Giovanni Boldini, Ritratto di Signora

In Francia è appena uscito il nuovo film di Abdellatif Kechiche, il regista de La vita di Adele, e ha subito scatenato un parapiglia di voci indignate. Troppe cosce, troppi culi, troppe tette, troppi primi piani della prosperosa anatomia femminile : in Mektoub My Love di sesso se ne vede poco, solamente un amplesso nella scena iniziale e qualche bacio strascicato, eppure a molti non va giù che qualcuno, nel 2018, dopo anni di censura pretesca, rivendicazioni femministe ed emancipazione omosessuale, sostenga apertamente di amare la riga (c’è il correttore automatico di Word che mi tira le orecchie).

Autoritratto di Giovanni Boldini
Autoritratto
Giovanni Boldini
1892 circa. Olio su tavola

Non capiscono come, con tutto il porno disponibile gratuitamente, possano ancora crearsi dei momenti di candida estasi davanti alle forme, alle curve, ai sorrisi ma anche ai languidi sguardi d’incantevoli donne nel fiore dell’età. Roba da vecchi, l’indagine del corpo femminile, buona semmai per qualche artista démodé, di quelli che passeggiano con bastone e bombetta per le strade delle grandi città. Me lo immagino così, il pittore Giovanni Boldini (1842 – 1931), vestito di un abbondante cappotto scuro che gli scendeva fin sotto le ginocchia e con il bavero bianco della camicia a strizzargli talmente il collo da far sembrare la sua testa un tappo di bottiglia sul punto di schizzare via, mentre si muoveva trafelato per le vie parigine di salotto in salotto, di appuntamento in appuntamento, perso in una vita galante di cui forse stentava a capacitarsi : lui uomo piccolo e brutto, sgraziato nel fisico ma animato da un travolgente estro creativo.

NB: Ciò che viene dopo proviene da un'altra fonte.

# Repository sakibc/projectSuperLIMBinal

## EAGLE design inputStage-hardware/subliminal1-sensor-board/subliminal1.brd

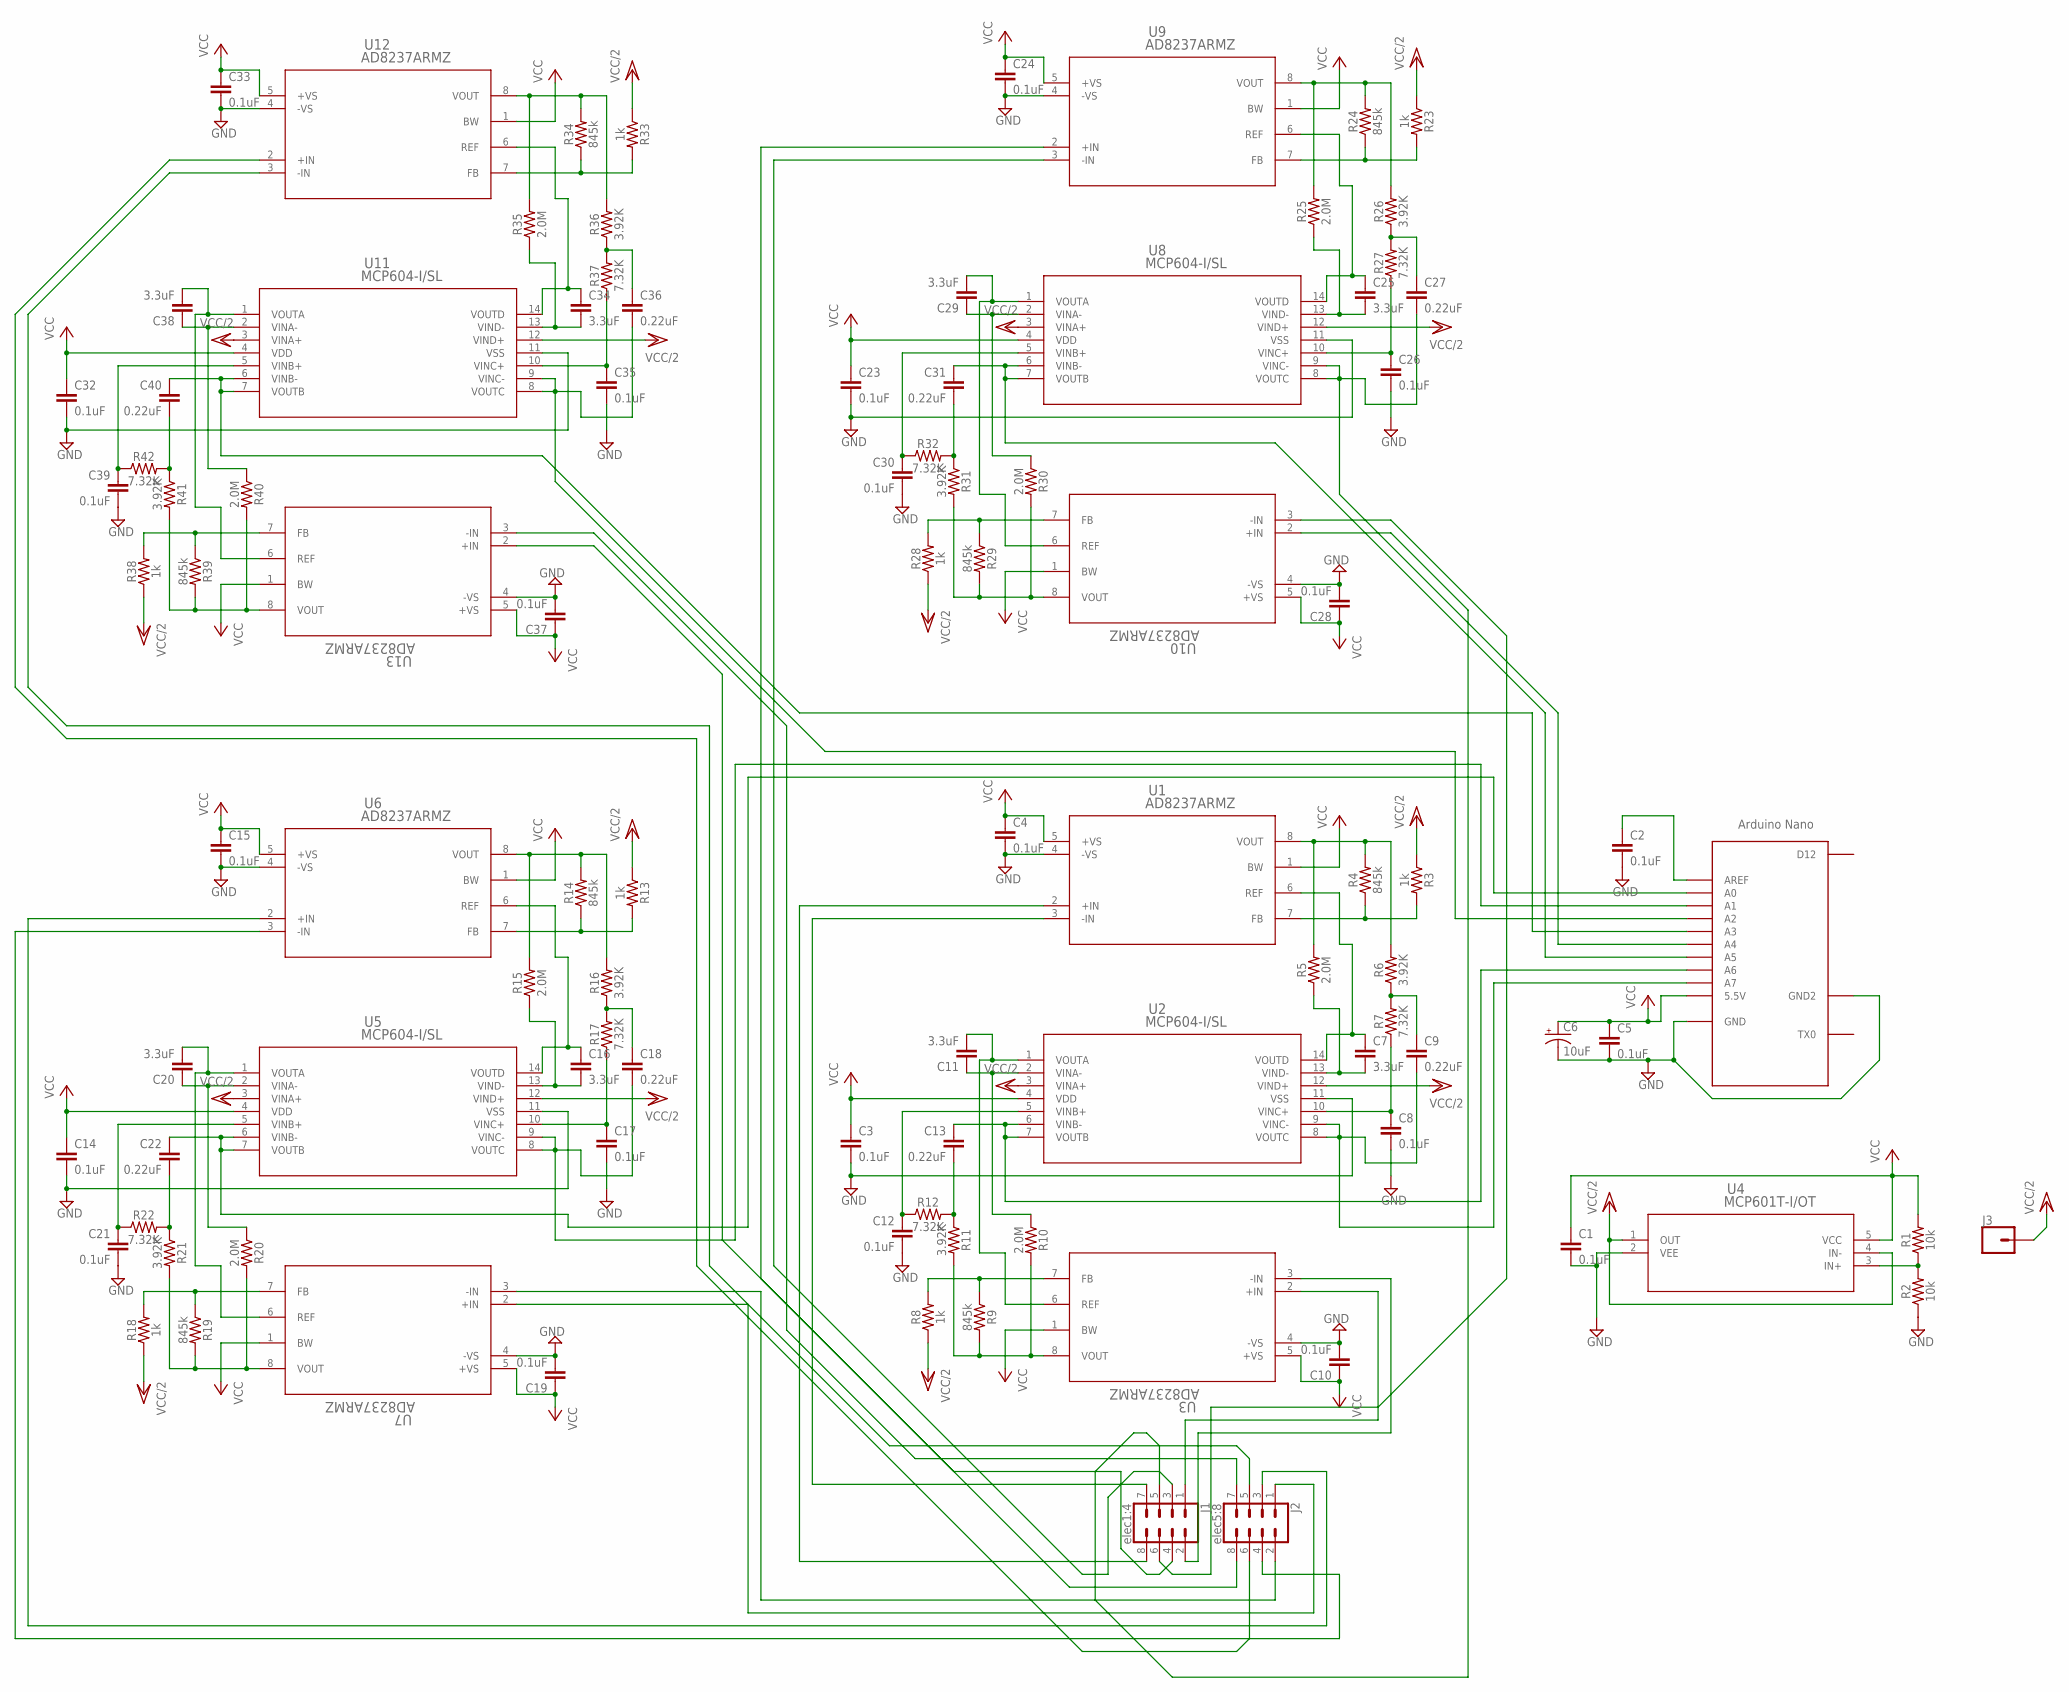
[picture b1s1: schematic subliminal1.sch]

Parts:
C1, C2, C3, C4, C5, C8, C10, C12, C14, C15, C17, C19, C21, C23, C24, C26, C28, C30, C32, C33, C35, C37, C39: 0.1uF; 0603
C6: 10uF; EIA3216
C7, C11, C16, C20, C25, C29, C34, C38: 3.3uF; 0603
C9, C13, C18, C22, C27, C31, C36, C40: 0.22uF; 0603
J1: elec1:4; 2X4
J2: elec5:8; 2X4
J3: CONN_01; 1X01
R1, R2: 10k; 0603
R3, R8, R13, R18, R23, R28, R33, R38: 1k; 0603
R4, R9, R14, R19, R24, R29, R34, R39: 845k; 0603
R5, R10, R15, R20, R25, R30, R35, R40: 2.0M; 0603
R6, R11, R16, R21, R26, R31, R36, R41: 3.92K; 0603
R7, R12, R17, R22, R27, R32, R37, R42: 7.32K; 0603
U1, U3, U6, U7, U9, U10, U12, U13: AD8237ARMZ; RM_8
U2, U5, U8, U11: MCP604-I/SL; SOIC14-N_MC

La mostra che in questo periodo gli dedica la Galleria d’Arte Moderna di Milano, Boldini – Ritratto di Signora, frutto della collaborazione con il Museo Giovanni Boldini di Ferrara, è una breve e intensa escursione nella pittura del più richiesto ritrattista d’Europa vissuto a cavallo tra Otto e Novecento. Una selezione di sole 30 opere, tra dipinti, disegni, pastelli e incisioni, a illustrazione di un tema molto presente nella produzione di Boldini, il ritratto femminile mondano.

La signora in rosa
La signora in rosa (Ritratto di Olivia Concha de Fontecilla)
Giovanni Boldini
1916. Olio su tela

Da questo ferrarese istruitosi a Firenze presso i maestri Macchiaioli, emigrato a Parigi nel 1871 e qui affermatosi quale uno degli artisti più in vista, frequentatore dei circoli esclusivi dell’alta società, coccolato e riverito da dame e gentiluomini, non ci si potevano certo attendere immagini licenziose o pose sbracate. Ai nobili, intellettuali, musicisti o celebrità dello spettacolo, principali committenti della ritrattistica boldiniana, piaceva essere dipinti in maniera fine e originale, vedere la propria figura riprodotta con colori a olio secondo lo stile che faceva di Giovanni Boldini un creativo controtendenza, un campione atipico nel panorama artistico di allora. Perché nella Parigi della Belle Époque, nella Parigi di Monet, Zola e della grande Esposizione Universale, non c’era nessuno che dipingeva come lui.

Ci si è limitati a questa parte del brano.